I don’t want our field to be the least respected field- the third rail of fields. I want it to be the most respected!

Leadership is hard; so is changing the world. Let’s raise the standards; raise our expectations; raise the discussion and raise the issues, each time and every time. Let’s raise more money, too, so we can expand our reach and our impact. If we do, we can raise our field – maybe to becoming the most respected field, which is where we should have been all along.

What do you think is the price of low expectations?  Do you have any stories to share? As always, I welcome your insight, feedback and experience. Please offer your ideas or suggestions for blog topics and consider hitting the follow button to enter your email. A rising tide raises all boats.

Are your Actions Conflicting with your Goals?

In Leadership, Non Profit Boards, Organizational Development on January 10, 2014 at 9:07 am

I’m always fascinated by the number of things people do that are in direct conflict with their goals. My dog does a perfect illustration of this: He gets so excited when we have visitors that he acts inappropriately and gets put outside or crated, which prevents him from meeting his goal of being loved by our visitors. He is not alone. Leaders and organizations do the same thing!

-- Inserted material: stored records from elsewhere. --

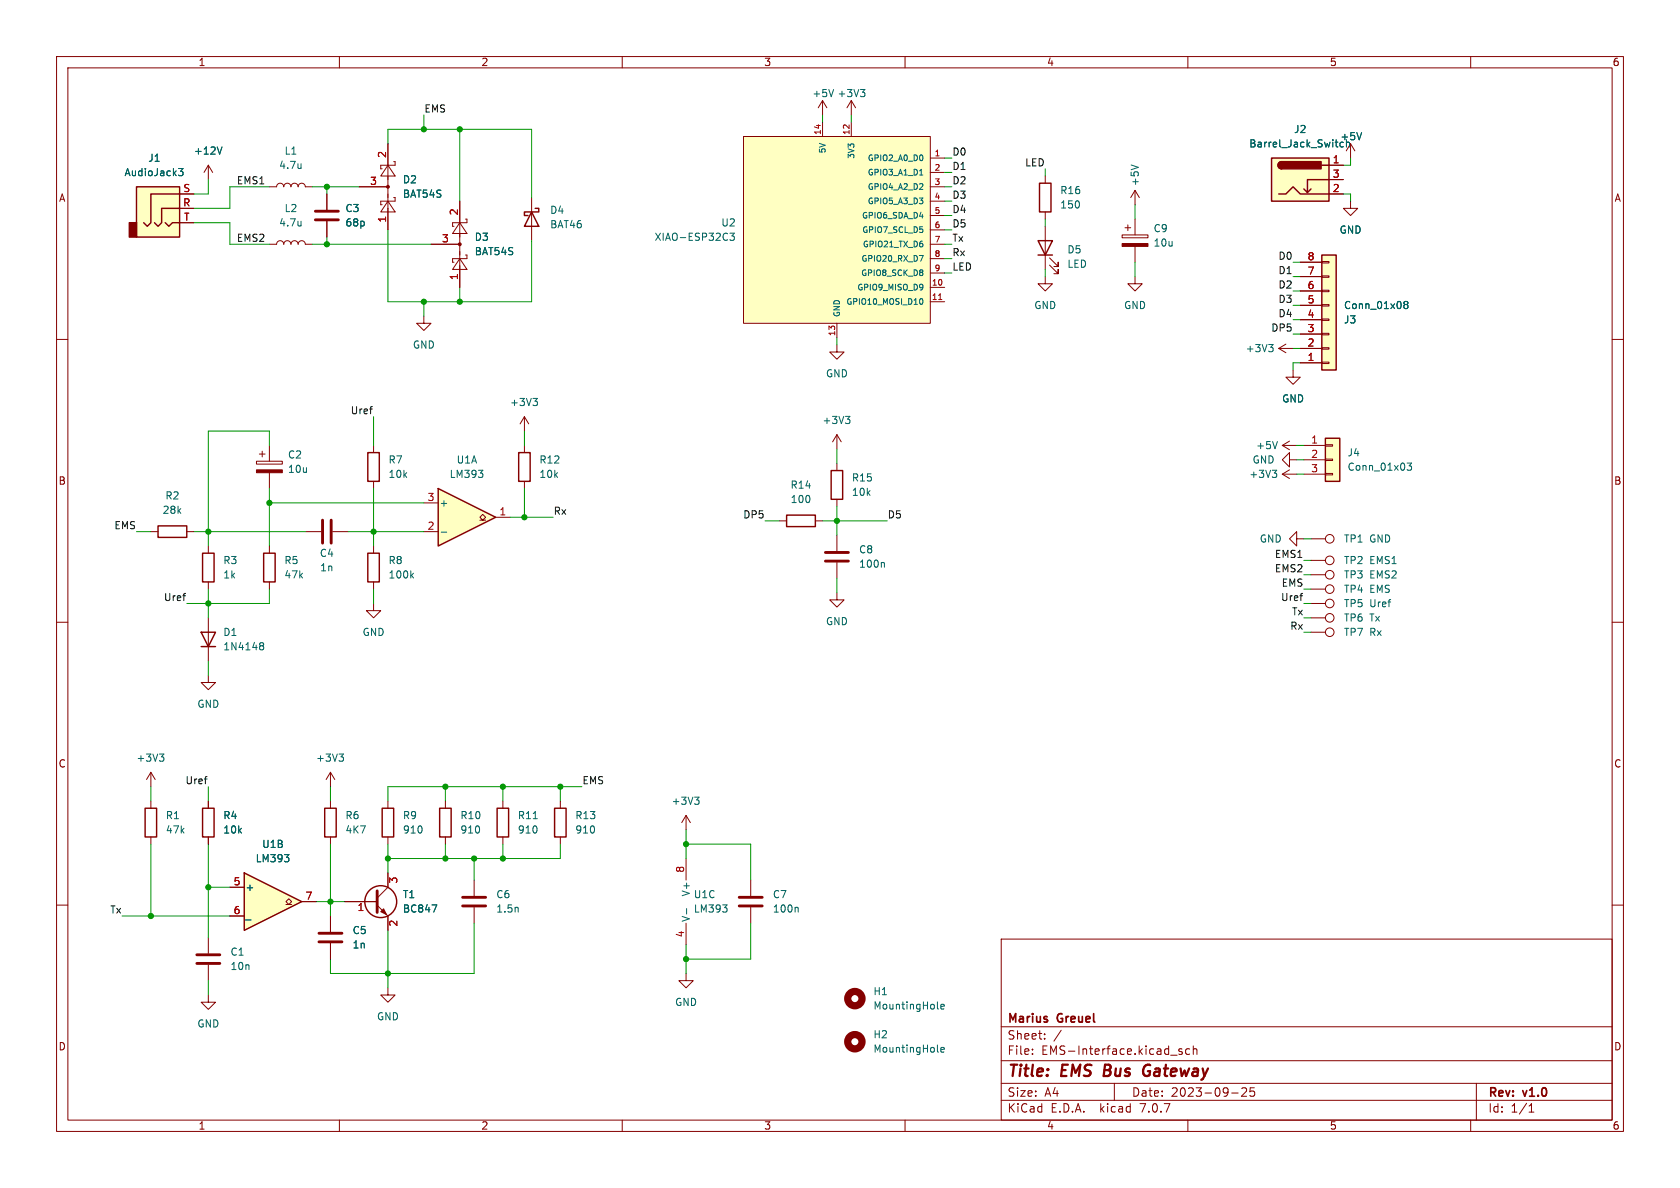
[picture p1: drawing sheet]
<svg xmlns="http://www.w3.org/2000/svg" width="297mm" height="210mm" viewBox="0 0 297 210" stroke-linecap="round" stroke-linejoin="round" font-family="sans-serif">
<g fill="none" stroke="#840000" stroke-width=".18">
<path d="M10 10h277v190h-277zM12 12h273v186h-273zM60 10v2M110 10v2M160 10v2M210 10v2M260 10v2M31.7 36.8h2.6M31.7 34.3h2.6M31.7 39.4h2.6M36.8 29.2v2.6M36.8 29.2l-.7 1.3"/>
<path d="M36.8 29.2l.8 1.3M47.6 33h1.3a.64 .64 0 0 1 .6-.6 .64 .64 0 0 1 .7 .6 .64 .64 0 0 1 .6-.6 .64 .64 0 0 1 .6 .6 .64 .64 0 0 1 .7-.6 .64 .64 0 0 1 .6 .6 .64 .64 0 0 1 .6-.6 .64 .64 0 0 1 .7 .6h1.2M57.8 34.3v2.8M57.8 39.1v2.8M184.8 31.1v1.3M184.8 37.5v1.2M234.9 34.3h2.6M234.9 29.2h2.6M234.9 31.8h2.6M238.8 35.6v1.2h1.2l-1.2 1.3-1.3-1.3h1.3M10 60h2M74.9 55.9v1.3h1.3l-1.3 1.2-1.2-1.2h1.2"/>
<path d="M184.8 48.9v1.3h1.3l-1.3 1.2-1.3-1.2h1.3M184.8 40v7.6M185.5 46.9l1.6 1.5v-.8v.8h-.8M185.5 45.6l1.6 1.5v-.7v.7h-.8M200.7 48.9v1.3h-1.3l1.3 1.2 1.2-1.2h-1.2M285 60h2M46.4 79.8v1M47.6 78.7v2.8M92.7 73.7l-.8 1.2M92.7 73.7v2.5M92.7 73.7l.8 1.2M226.7 78.7l1.3 .8"/>
<path d="M226.7 78.7h2.5M228 78l-1.3 .7M230.5 78.7h3.8M234.3 78.6h1.3v.3h-1.3zM26.7 94h1.2M33 94h1.3M36.8 96.5v1.3M45.3 81.5h4.6v.5h-4.6zM45.8 80.3h1.1M47.6 83.6v2.8M54 94h2.8M58.8 94h2.8"/>
<path d="M226.7 83.8l1.3 .8M226.7 83.8h2.5M228 81.3v-1.3l-1.3 1.3 1.3 1.3v-1.3h1.2M228 83.1l-1.3 .7M230.5 83.8h3.8M230.5 81.3h3.8M231.8 99.1h2.5M231.8 95.3h2.5M234.3 83.7h1.3v.2h-1.3zM234.3 81.2h1.3v.2h-1.3zM10 110h2M36.8 102.9v1.2"/>
<path d="M231.8 104.1h2.5M285 110h2M26.7 136.5l-.8 1.3M26.7 136.5v2.6M26.7 136.5l.7 1.3M58.4 136.5v2.6M58.4 136.5l-.7 1.3M58.4 136.5l.8 1.3M10 160h2M26.7 141.6v1.3M26.7 148v1.2M36.8 141.6v1.3"/>
<path d="M36.8 148v1.2M58.4 141.6v1.3M58.4 148v1.2M61 159.4h5.7M68.6 141.6v1.3M68.6 148v1.2M68.6 154.3v2.5l-1.9 2M78.7 141.6v1.3M78.7 148v1.2M132.7 155.6v2.8M285 160h2M36.8 175.9v1.3h1.3l-1.3 1.2-1.2-1.2h1.2"/>
<path d="M36.8 165.7v2.8M36.8 170.6v2.8M58.4 161.9v2.8M58.4 166.8v2.7M66.7 160l1.9 1.9v2.6M68.6 174.6v1.3h1.2l-1.2 1.3-1.3-1.3h1.3M132.7 160.4v2.8M177 166h108v32h-108zM60 198v2M110 198v2M160 198v2M177 194.5h108"/>
<path d="M177 191.5h108M177 187.5h108M177 181.5h108M182.5 186.3v.1M182.5 185.5v.1M184.7 183.6v.1M184.7 182.8v.1M187.6 182.1l-1.3 2M197 191.5v3M207 186.5h1.1M209 185.5l-.4-.1-.2 .2 .1 .2 .5 .2v.3h-.6M210 198v2"/>
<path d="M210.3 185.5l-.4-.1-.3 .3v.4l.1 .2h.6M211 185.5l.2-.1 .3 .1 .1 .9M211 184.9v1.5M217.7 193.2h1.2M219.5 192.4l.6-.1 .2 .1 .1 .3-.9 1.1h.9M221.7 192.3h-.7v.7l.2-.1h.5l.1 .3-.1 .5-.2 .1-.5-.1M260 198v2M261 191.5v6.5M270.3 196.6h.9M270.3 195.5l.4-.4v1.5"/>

This week, since it’s a new year and many people in my personal and professional lives have begun working on new goals, I’ve been thinking about the intent of those goals.  I love goals that are intended to get everyone on the same page and align the work of an organization.

I do not love goals that are intended to motivate people, and I’m not even clear why we would need to do that. Employee goals intended to motivate don’t make any sense to me and, honestly, I don’t find them motivating. In fact, I find them de-motivating, and also slightly insulting.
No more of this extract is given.